6.2. Overall Dynamic Test

Experimental procedure: To visually represent the flaws, we simulated them by drawing lines on the billet using a black pen and measured their position in the flaw detection cameras. We then measured their positions inputting this data into the marking system, and subsequently initiated the billet’s movement. After marking, we assessed whether the chalk line adequately covered the black line and gauged the deviation between their center lines. Comparative experiments were conducted both with and without the 3D camera in the system. Initial calibration between the flaw detection cameras and the manipulator was performed at the commencement of these tests. The outcomes of the 10 experiments, employing the proposed method, are collected in

Table 4. Experimental results.

Data Number	Surface	x${}_{2\mathit{d}}$	Calculated Coordinates (x${}_{\mathit{m}}$, y${}_{\mathit{m}}$, z${}_{\mathit{m}}$)
1	A	55	(−83.8226, −701.789, −567.817)
2	B	81	(−9.03072, −699.722, −598.169)
3	A	58	(−86.1592, −701.561, −568.805)
4	B	73	(−12.1695, −700.716, −590.882)
5	A	71	(−96.2829, −700.575, −573.082)
6	B	22	(10.9795, −693.383, −644.617)
7	A	34	(−67.4687, −703.382, −560.907)
8	B	46	(3.5686, −695.73, −627.413)
9	A	92	(−112.637, −698.982, −579.992)
10	B	45	(7.7073, −694.736, −611.699)

. The results of the control experiments can be found in Figure 9 and Figure 10. Figure 9 illustrates the deviations between the center lines of simulated flaws and those marked by the manipulator. Figure 10 exemplifies the methodology employed in measuring the deviations between these center lines, along with a subset of the results obtained.

From the presented figures, it is evident that the system without the 3D camera fails to fully cover any of the flaws during the experiments. Conversely, the system equipped with the 3D camera demonstrates enhanced effectiveness.

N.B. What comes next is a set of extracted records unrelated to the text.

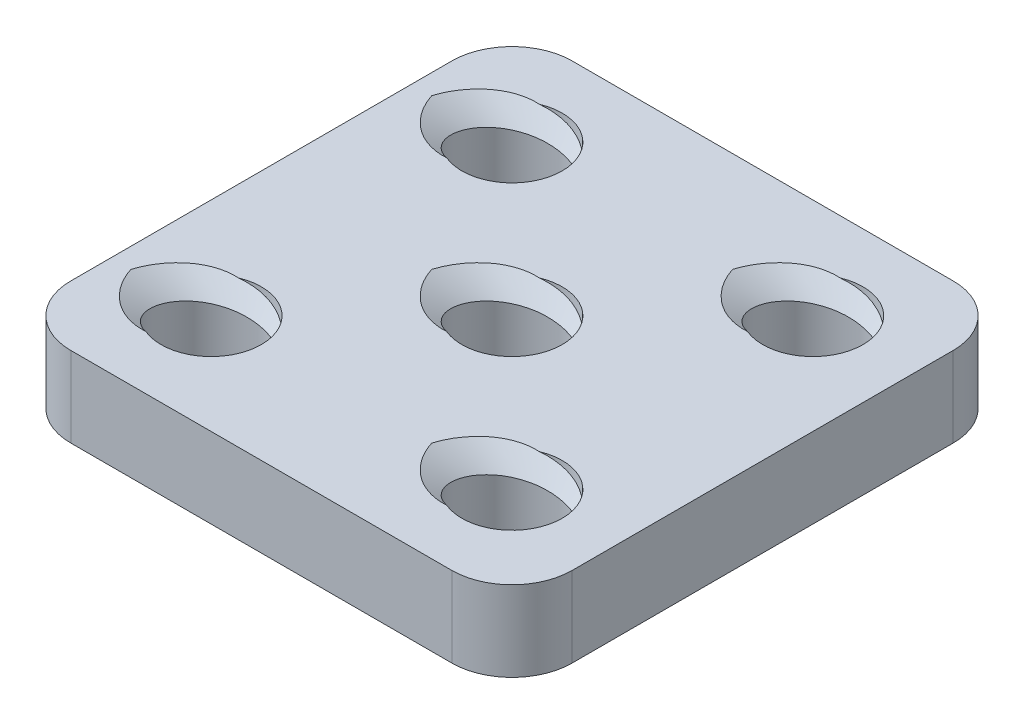
from build123d import *

# Parameters (mm, degrees)
BOSS_EXTRUDE1_DEPTH = 4
SKETCH2_R           = 2.5
CUT_EXTRUDE1_DEPTH  = 4
CUT_SWEEP2_PITCH    = 4
CUT_SWEEP3_PITCH    = 4
CUT_SWEEP5_PITCH    = 4
CUT_SWEEP6_PITCH    = 4
CUT_SWEEP7_PITCH    = 4


with BuildPart() as part:
    # Sketch1 → Boss-Extrude1 (new body)
    with BuildSketch(Plane(origin=(0, 0, 0), x_dir=(1, 0, 0), z_dir=(0, 1, 0))):
        with BuildLine():
            Line((3, 0), (22, 0))
            ThreePointArc((22, 0), (24.121320344, 0.878679656), (25, 3))
            Line((25, 3), (25, 22))
            ThreePointArc((25, 22), (24.121320344, 24.121320344), (22, 25))
            Line((22, 25), (3, 25))
            ThreePointArc((3, 25), (0.878679656, 24.121320344), (0, 22))
            Line((0, 22), (0, 3))
            ThreePointArc((0, 3), (0.878679656, 0.878679656), (3, 0))
        make_face()
    extrude(amount=BOSS_EXTRUDE1_DEPTH)

    # Sketch2 → Cut-Extrude1 (cut)
    with BuildSketch(Plane(origin=(0, 4, 0), x_dir=(1, 0, 0), z_dir=(0, 1, 0))):
        with Locations(Location((5, 20, 0), (0, 0, 270))):
            Circle(SKETCH2_R)
        with Locations(Location((20, 20, 0), (0, 0, 270))):
            Circle(SKETCH2_R)
        with Locations(Location((5, 5, 0), (0, 0, 270))):
            Circle(SKETCH2_R)
        with Locations(Location((20, 5, 0), (0, 0, 270))):
            Circle(SKETCH2_R)
        with Locations(Location((12.5, 12.5, 0), (0, 0, 270))):
            Circle(SKETCH2_R)
    extrude(amount=-CUT_EXTRUDE1_DEPTH, mode=Mode.SUBTRACT)

    # Cut-Sweep2: arcs per turn and ends read off the stored shape
    # Cut-Sweep2: the profile of Sketch6 screwed along a right-hand helix through 2.5 turns, 12 arcs to a turn; built about Z, then put on its axis
    cut_sweep2_z = Axis((0, 0, 0), (0, 0, 1))
    cut_sweep2_corners = [(2.5, 0, -4), (2.5, 0, -4.75), (4, 0, -4), (2.5, 0, -3.25)]
    with BuildLine(mode=Mode.PRIVATE) as cut_sweep2_profile:
        Line(cut_sweep2_corners[0], cut_sweep2_corners[1])
        Line(cut_sweep2_corners[1], cut_sweep2_corners[2])
        Line(cut_sweep2_corners[2], cut_sweep2_corners[3])
        Line(cut_sweep2_corners[3], cut_sweep2_corners[0])
    cut_sweep2_cap = Face(cut_sweep2_profile.wire())
    cut_sweep2_turn_angles = [0, 15, 30, 45, 60, 75, 90, 105, 120, 135, 150, 165, 180, 195, 210, 225, 240, 255, 270, 285, 300, 315, 330, 345, 360]
    cut_sweep2_turn_weights = [1, 0.9659258262890683, 1, 0.9659258262890683, 1, 0.9659258262890683, 1, 0.9659258262890683, 1, 0.9659258262890683, 1, 0.9659258262890683, 1, 0.9659258262890683, 1, 0.9659258262890683, 1, 0.9659258262890683, 1, 0.9659258262890683, 1, 0.9659258262890683, 1, 0.9659258262890683, 1]
    cut_sweep2_turn_rails = [Edge.make_bspline([Vector(p[0], p[1], 0).rotate(cut_sweep2_z, cut_sweep2_turn_angles[k]) / cut_sweep2_turn_weights[k] + Vector(0, 0, p[2] + CUT_SWEEP2_PITCH * cut_sweep2_turn_angles[k] / 360) for k in range(25)], [0, 0, 0, 1, 1, 2, 2, 3, 3, 4, 4, 5, 5, 6, 6, 7, 7, 8, 8, 9, 9, 10, 10, 11, 11, 12, 12, 12], 2, cut_sweep2_turn_weights) for p in cut_sweep2_corners]
    cut_sweep2_turn_sides = [Face.make_surface_from_curves(cut_sweep2_turn_rails[p[0]], cut_sweep2_turn_rails[p[1]]) for p in [(0, 1), (1, 2), (2, 3), (3, 0)]]
    cut_sweep2_last_angles = [720, 735, 750, 765, 780, 795, 810, 825, 840, 855, 870, 885, 900]
    cut_sweep2_last_weights = [1, 0.9659258262890683, 1, 0.9659258262890683, 1, 0.9659258262890683, 1, 0.9659258262890683, 1, 0.9659258262890683, 1, 0.9659258262890683, 1]
    cut_sweep2_last_rails = [Edge.make_bspline([Vector(p[0], p[1], 0).rotate(cut_sweep2_z, cut_sweep2_last_angles[k]) / cut_sweep2_last_weights[k] + Vector(0, 0, p[2] + CUT_SWEEP2_PITCH * cut_sweep2_last_angles[k] / 360) for k in range(13)], [0, 0, 0, 1, 1, 2, 2, 3, 3, 4, 4, 5, 5, 6, 6, 6], 2, cut_sweep2_last_weights) for p in cut_sweep2_corners]
    cut_sweep2_last_sides = [Face.make_surface_from_curves(cut_sweep2_last_rails[p[0]], cut_sweep2_last_rails[p[1]]) for p in [(0, 1), (1, 2), (2, 3), (3, 0)]]
    cut_sweep2 = Plane(origin=(5, 4, -20), x_dir=(-1, 0, 0), z_dir=(0, -1, 0)) * Solid(Shell([*[p.moved(Location((0, 0, CUT_SWEEP2_PITCH * i))) for i in range(2) for p in cut_sweep2_turn_sides], *cut_sweep2_last_sides, cut_sweep2_cap, cut_sweep2_cap.rotate(cut_sweep2_z, 900).moved(Location((0, 0, CUT_SWEEP2_PITCH * 900 / 360)))]))
    add(cut_sweep2, mode=Mode.SUBTRACT)

    # Cut-Sweep3: arcs per turn and ends read off the stored shape
    # Cut-Sweep3: the profile of Sketch8 screwed along a right-hand helix through 2.5 turns, 12 arcs to a turn; built about Z, then put on its axis
    cut_sweep3_z = Axis((0, 0, 0), (0, 0, 1))
    cut_sweep3_corners = [(2.5, 0, -4), (2.5, 0, -4.75), (4, 0, -4), (2.5, 0, -3.25)]
    with BuildLine(mode=Mode.PRIVATE) as cut_sweep3_profile:
        Line(cut_sweep3_corners[0], cut_sweep3_corners[1])
        Line(cut_sweep3_corners[1], cut_sweep3_corners[2])
        Line(cut_sweep3_corners[2], cut_sweep3_corners[3])
        Line(cut_sweep3_corners[3], cut_sweep3_corners[0])
    cut_sweep3_cap = Face(cut_sweep3_profile.wire())
    cut_sweep3_turn_angles = [0, 15, 30, 45, 60, 75, 90, 105, 120, 135, 150, 165, 180, 195, 210, 225, 240, 255, 270, 285, 300, 315, 330, 345, 360]
    cut_sweep3_turn_weights = [1, 0.9659258262890683, 1, 0.9659258262890683, 1, 0.9659258262890683, 1, 0.9659258262890683, 1, 0.9659258262890683, 1, 0.9659258262890683, 1, 0.9659258262890683, 1, 0.9659258262890683, 1, 0.9659258262890683, 1, 0.9659258262890683, 1, 0.9659258262890683, 1, 0.9659258262890683, 1]
    cut_sweep3_turn_rails = [Edge.make_bspline([Vector(p[0], p[1], 0).rotate(cut_sweep3_z, cut_sweep3_turn_angles[k]) / cut_sweep3_turn_weights[k] + Vector(0, 0, p[2] + CUT_SWEEP3_PITCH * cut_sweep3_turn_angles[k] / 360) for k in range(25)], [0, 0, 0, 1, 1, 2, 2, 3, 3, 4, 4, 5, 5, 6, 6, 7, 7, 8, 8, 9, 9, 10, 10, 11, 11, 12, 12, 12], 2, cut_sweep3_turn_weights) for p in cut_sweep3_corners]
    cut_sweep3_turn_sides = [Face.make_surface_from_curves(cut_sweep3_turn_rails[p[0]], cut_sweep3_turn_rails[p[1]]) for p in [(0, 1), (1, 2), (2, 3), (3, 0)]]
    cut_sweep3_last_angles = [720, 735, 750, 765, 780, 795, 810, 825, 840, 855, 870, 885, 900]
    cut_sweep3_last_weights = [1, 0.9659258262890683, 1, 0.9659258262890683, 1, 0.9659258262890683, 1, 0.9659258262890683, 1, 0.9659258262890683, 1, 0.9659258262890683, 1]
    cut_sweep3_last_rails = [Edge.make_bspline([Vector(p[0], p[1], 0).rotate(cut_sweep3_z, cut_sweep3_last_angles[k]) / cut_sweep3_last_weights[k] + Vector(0, 0, p[2] + CUT_SWEEP3_PITCH * cut_sweep3_last_angles[k] / 360) for k in range(13)], [0, 0, 0, 1, 1, 2, 2, 3, 3, 4, 4, 5, 5, 6, 6, 6], 2, cut_sweep3_last_weights) for p in cut_sweep3_corners]
    cut_sweep3_last_sides = [Face.make_surface_from_curves(cut_sweep3_last_rails[p[0]], cut_sweep3_last_rails[p[1]]) for p in [(0, 1), (1, 2), (2, 3), (3, 0)]]
    cut_sweep3 = Plane(origin=(20, 4, -20), x_dir=(-1, 0, 0), z_dir=(0, -1, 0)) * Solid(Shell([*[p.moved(Location((0, 0, CUT_SWEEP3_PITCH * i))) for i in range(2) for p in cut_sweep3_turn_sides], *cut_sweep3_last_sides, cut_sweep3_cap, cut_sweep3_cap.rotate(cut_sweep3_z, 900).moved(Location((0, 0, CUT_SWEEP3_PITCH * 900 / 360)))]))
    add(cut_sweep3, mode=Mode.SUBTRACT)

    # Cut-Sweep5: arcs per turn and ends read off the stored shape
    # Cut-Sweep5: the profile of Sketch11 screwed along a right-hand helix through 2.5 turns, 12 arcs to a turn; built about Z, then put on its axis
    cut_sweep5_z = Axis((0, 0, 0), (0, 0, 1))
    cut_sweep5_corners = [(2.5, 0, -4), (2.5, 0, -3.25), (4, 0, -4), (2.5, 0, -4.75)]
    with BuildLine(mode=Mode.PRIVATE) as cut_sweep5_profile:
        Line(cut_sweep5_corners[0], cut_sweep5_corners[1])
        Line(cut_sweep5_corners[1], cut_sweep5_corners[2])
        Line(cut_sweep5_corners[2], cut_sweep5_corners[3])
        Line(cut_sweep5_corners[3], cut_sweep5_corners[0])
    cut_sweep5_cap = Face(cut_sweep5_profile.wire())
    cut_sweep5_turn_angles = [0, 15, 30, 45, 60, 75, 90, 105, 120, 135, 150, 165, 180, 195, 210, 225, 240, 255, 270, 285, 300, 315, 330, 345, 360]
    cut_sweep5_turn_weights = [1, 0.9659258262890683, 1, 0.9659258262890683, 1, 0.9659258262890683, 1, 0.9659258262890683, 1, 0.9659258262890683, 1, 0.9659258262890683, 1, 0.9659258262890683, 1, 0.9659258262890683, 1, 0.9659258262890683, 1, 0.9659258262890683, 1, 0.9659258262890683, 1, 0.9659258262890683, 1]
    cut_sweep5_turn_rails = [Edge.make_bspline([Vector(p[0], p[1], 0).rotate(cut_sweep5_z, cut_sweep5_turn_angles[k]) / cut_sweep5_turn_weights[k] + Vector(0, 0, p[2] + CUT_SWEEP5_PITCH * cut_sweep5_turn_angles[k] / 360) for k in range(25)], [0, 0, 0, 1, 1, 2, 2, 3, 3, 4, 4, 5, 5, 6, 6, 7, 7, 8, 8, 9, 9, 10, 10, 11, 11, 12, 12, 12], 2, cut_sweep5_turn_weights) for p in cut_sweep5_corners]
    cut_sweep5_turn_sides = [Face.make_surface_from_curves(cut_sweep5_turn_rails[p[0]], cut_sweep5_turn_rails[p[1]]) for p in [(0, 1), (1, 2), (2, 3), (3, 0)]]
    cut_sweep5_last_angles = [720, 735, 750, 765, 780, 795, 810, 825, 840, 855, 870, 885, 900]
    cut_sweep5_last_weights = [1, 0.9659258262890683, 1, 0.9659258262890683, 1, 0.9659258262890683, 1, 0.9659258262890683, 1, 0.9659258262890683, 1, 0.9659258262890683, 1]
    cut_sweep5_last_rails = [Edge.make_bspline([Vector(p[0], p[1], 0).rotate(cut_sweep5_z, cut_sweep5_last_angles[k]) / cut_sweep5_last_weights[k] + Vector(0, 0, p[2] + CUT_SWEEP5_PITCH * cut_sweep5_last_angles[k] / 360) for k in range(13)], [0, 0, 0, 1, 1, 2, 2, 3, 3, 4, 4, 5, 5, 6, 6, 6], 2, cut_sweep5_last_weights) for p in cut_sweep5_corners]
    cut_sweep5_last_sides = [Face.make_surface_from_curves(cut_sweep5_last_rails[p[0]], cut_sweep5_last_rails[p[1]]) for p in [(0, 1), (1, 2), (2, 3), (3, 0)]]
    cut_sweep5 = Plane(origin=(5, 4, -5), x_dir=(-1, 0, 0), z_dir=(0, -1, 0)) * Solid(Shell([*[p.moved(Location((0, 0, CUT_SWEEP5_PITCH * i))) for i in range(2) for p in cut_sweep5_turn_sides], *cut_sweep5_last_sides, cut_sweep5_cap, cut_sweep5_cap.rotate(cut_sweep5_z, 900).moved(Location((0, 0, CUT_SWEEP5_PITCH * 900 / 360)))]))
    add(cut_sweep5, mode=Mode.SUBTRACT)

    # Cut-Sweep6: arcs per turn and ends read off the stored shape
    # Cut-Sweep6: the profile of Sketch12 screwed along a right-hand helix through 2.5 turns, 12 arcs to a turn; built about Z, then put on its axis
    cut_sweep6_z = Axis((0, 0, 0), (0, 0, 1))
    cut_sweep6_corners = [(2.5, 0, -4), (2.5, 0, -4.75), (4, 0, -4), (2.5, 0, -3.25)]
    with BuildLine(mode=Mode.PRIVATE) as cut_sweep6_profile:
        Line(cut_sweep6_corners[0], cut_sweep6_corners[1])
        Line(cut_sweep6_corners[1], cut_sweep6_corners[2])
        Line(cut_sweep6_corners[2], cut_sweep6_corners[3])
        Line(cut_sweep6_corners[3], cut_sweep6_corners[0])
    cut_sweep6_cap = Face(cut_sweep6_profile.wire())
    cut_sweep6_turn_angles = [0, 15, 30, 45, 60, 75, 90, 105, 120, 135, 150, 165, 180, 195, 210, 225, 240, 255, 270, 285, 300, 315, 330, 345, 360]
    cut_sweep6_turn_weights = [1, 0.9659258262890683, 1, 0.9659258262890683, 1, 0.9659258262890683, 1, 0.9659258262890683, 1, 0.9659258262890683, 1, 0.9659258262890683, 1, 0.9659258262890683, 1, 0.9659258262890683, 1, 0.9659258262890683, 1, 0.9659258262890683, 1, 0.9659258262890683, 1, 0.9659258262890683, 1]
    cut_sweep6_turn_rails = [Edge.make_bspline([Vector(p[0], p[1], 0).rotate(cut_sweep6_z, cut_sweep6_turn_angles[k]) / cut_sweep6_turn_weights[k] + Vector(0, 0, p[2] + CUT_SWEEP6_PITCH * cut_sweep6_turn_angles[k] / 360) for k in range(25)], [0, 0, 0, 1, 1, 2, 2, 3, 3, 4, 4, 5, 5, 6, 6, 7, 7, 8, 8, 9, 9, 10, 10, 11, 11, 12, 12, 12], 2, cut_sweep6_turn_weights) for p in cut_sweep6_corners]
    cut_sweep6_turn_sides = [Face.make_surface_from_curves(cut_sweep6_turn_rails[p[0]], cut_sweep6_turn_rails[p[1]]) for p in [(0, 1), (1, 2), (2, 3), (3, 0)]]
    cut_sweep6_last_angles = [720, 735, 750, 765, 780, 795, 810, 825, 840, 855, 870, 885, 900]
    cut_sweep6_last_weights = [1, 0.9659258262890683, 1, 0.9659258262890683, 1, 0.9659258262890683, 1, 0.9659258262890683, 1, 0.9659258262890683, 1, 0.9659258262890683, 1]
    cut_sweep6_last_rails = [Edge.make_bspline([Vector(p[0], p[1], 0).rotate(cut_sweep6_z, cut_sweep6_last_angles[k]) / cut_sweep6_last_weights[k] + Vector(0, 0, p[2] + CUT_SWEEP6_PITCH * cut_sweep6_last_angles[k] / 360) for k in range(13)], [0, 0, 0, 1, 1, 2, 2, 3, 3, 4, 4, 5, 5, 6, 6, 6], 2, cut_sweep6_last_weights) for p in cut_sweep6_corners]
    cut_sweep6_last_sides = [Face.make_surface_from_curves(cut_sweep6_last_rails[p[0]], cut_sweep6_last_rails[p[1]]) for p in [(0, 1), (1, 2), (2, 3), (3, 0)]]
    cut_sweep6 = Plane(origin=(20, 4, -5), x_dir=(-1, 0, 0), z_dir=(0, -1, 0)) * Solid(Shell([*[p.moved(Location((0, 0, CUT_SWEEP6_PITCH * i))) for i in range(2) for p in cut_sweep6_turn_sides], *cut_sweep6_last_sides, cut_sweep6_cap, cut_sweep6_cap.rotate(cut_sweep6_z, 900).moved(Location((0, 0, CUT_SWEEP6_PITCH * 900 / 360)))]))
    add(cut_sweep6, mode=Mode.SUBTRACT)

    # Cut-Sweep7: arcs per turn and ends read off the stored shape
    # Cut-Sweep7: the profile of Sketch14 screwed along a right-hand helix through 2.5 turns, 12 arcs to a turn; built about Z, then put on its axis
    cut_sweep7_z = Axis((0, 0, 0), (0, 0, 1))
    cut_sweep7_corners = [(2.5, 0, -4), (2.5, 0, -4.75), (4, 0, -4), (2.5, 0, -3.25)]
    with BuildLine(mode=Mode.PRIVATE) as cut_sweep7_profile:
        Line(cut_sweep7_corners[0], cut_sweep7_corners[1])
        Line(cut_sweep7_corners[1], cut_sweep7_corners[2])
        Line(cut_sweep7_corners[2], cut_sweep7_corners[3])
        Line(cut_sweep7_corners[3], cut_sweep7_corners[0])
    cut_sweep7_cap = Face(cut_sweep7_profile.wire())
    cut_sweep7_turn_angles = [0, 15, 30, 45, 60, 75, 90, 105, 120, 135, 150, 165, 180, 195, 210, 225, 240, 255, 270, 285, 300, 315, 330, 345, 360]
    cut_sweep7_turn_weights = [1, 0.9659258262890683, 1, 0.9659258262890683, 1, 0.9659258262890683, 1, 0.9659258262890683, 1, 0.9659258262890683, 1, 0.9659258262890683, 1, 0.9659258262890683, 1, 0.9659258262890683, 1, 0.9659258262890683, 1, 0.9659258262890683, 1, 0.9659258262890683, 1, 0.9659258262890683, 1]
    cut_sweep7_turn_rails = [Edge.make_bspline([Vector(p[0], p[1], 0).rotate(cut_sweep7_z, cut_sweep7_turn_angles[k]) / cut_sweep7_turn_weights[k] + Vector(0, 0, p[2] + CUT_SWEEP7_PITCH * cut_sweep7_turn_angles[k] / 360) for k in range(25)], [0, 0, 0, 1, 1, 2, 2, 3, 3, 4, 4, 5, 5, 6, 6, 7, 7, 8, 8, 9, 9, 10, 10, 11, 11, 12, 12, 12], 2, cut_sweep7_turn_weights) for p in cut_sweep7_corners]
    cut_sweep7_turn_sides = [Face.make_surface_from_curves(cut_sweep7_turn_rails[p[0]], cut_sweep7_turn_rails[p[1]]) for p in [(0, 1), (1, 2), (2, 3), (3, 0)]]
    cut_sweep7_last_angles = [720, 735, 750, 765, 780, 795, 810, 825, 840, 855, 870, 885, 900]
    cut_sweep7_last_weights = [1, 0.9659258262890683, 1, 0.9659258262890683, 1, 0.9659258262890683, 1, 0.9659258262890683, 1, 0.9659258262890683, 1, 0.9659258262890683, 1]
    cut_sweep7_last_rails = [Edge.make_bspline([Vector(p[0], p[1], 0).rotate(cut_sweep7_z, cut_sweep7_last_angles[k]) / cut_sweep7_last_weights[k] + Vector(0, 0, p[2] + CUT_SWEEP7_PITCH * cut_sweep7_last_angles[k] / 360) for k in range(13)], [0, 0, 0, 1, 1, 2, 2, 3, 3, 4, 4, 5, 5, 6, 6, 6], 2, cut_sweep7_last_weights) for p in cut_sweep7_corners]
    cut_sweep7_last_sides = [Face.make_surface_from_curves(cut_sweep7_last_rails[p[0]], cut_sweep7_last_rails[p[1]]) for p in [(0, 1), (1, 2), (2, 3), (3, 0)]]
    cut_sweep7 = Plane(origin=(12.5, 4, -12.5), x_dir=(-1, 0, 0), z_dir=(0, -1, 0)) * Solid(Shell([*[p.moved(Location((0, 0, CUT_SWEEP7_PITCH * i))) for i in range(2) for p in cut_sweep7_turn_sides], *cut_sweep7_last_sides, cut_sweep7_cap, cut_sweep7_cap.rotate(cut_sweep7_z, 900).moved(Location((0, 0, CUT_SWEEP7_PITCH * 900 / 360)))]))
    add(cut_sweep7, mode=Mode.SUBTRACT)


solid = part.part

7. Conclusions and Future Work

Our study marks a significant advancement in the field of industrial flaw detection with the development of a novel automated system for detecting, relocalizing, and marking flaws on steel billets. The core innovation of our system lies in its utilization of point cloud data and a 3D camera, which collectively enable a more nuanced and precise identification of flaws compared to traditional image processing techniques. This technological leap not only enhances the accuracy of flaw detection, but also substantially reduces the reliance on labor-intensive processes and deep learning models that typically demand extensive computational resources and time for training.

Our experiments, conducted in a real-world steel production environment, demonstrated the system’s efficacy and robustness. The ability to accurately track and mark flaws on moving billets, despite varying orientations and environmental conditions, underscores the system’s operational viability in a fast-paced industrial setting. Furthermore, the system’s precision in marking directly correlates to improved quality control measures, ensuring higher standards in the final steel products.

Looking ahead, integrating this system with automatic polishing mechanisms could pave the way for a fully automated production line, thereby extending its applicability. Additionally, while deploying deep learning necessitates substantial model training, its implementation can significantly enhance the system’s functionality and robustness. For example, deep learning can be applied for advanced defect classification, enabling the system to distinguish between various types of surface flaws effectively.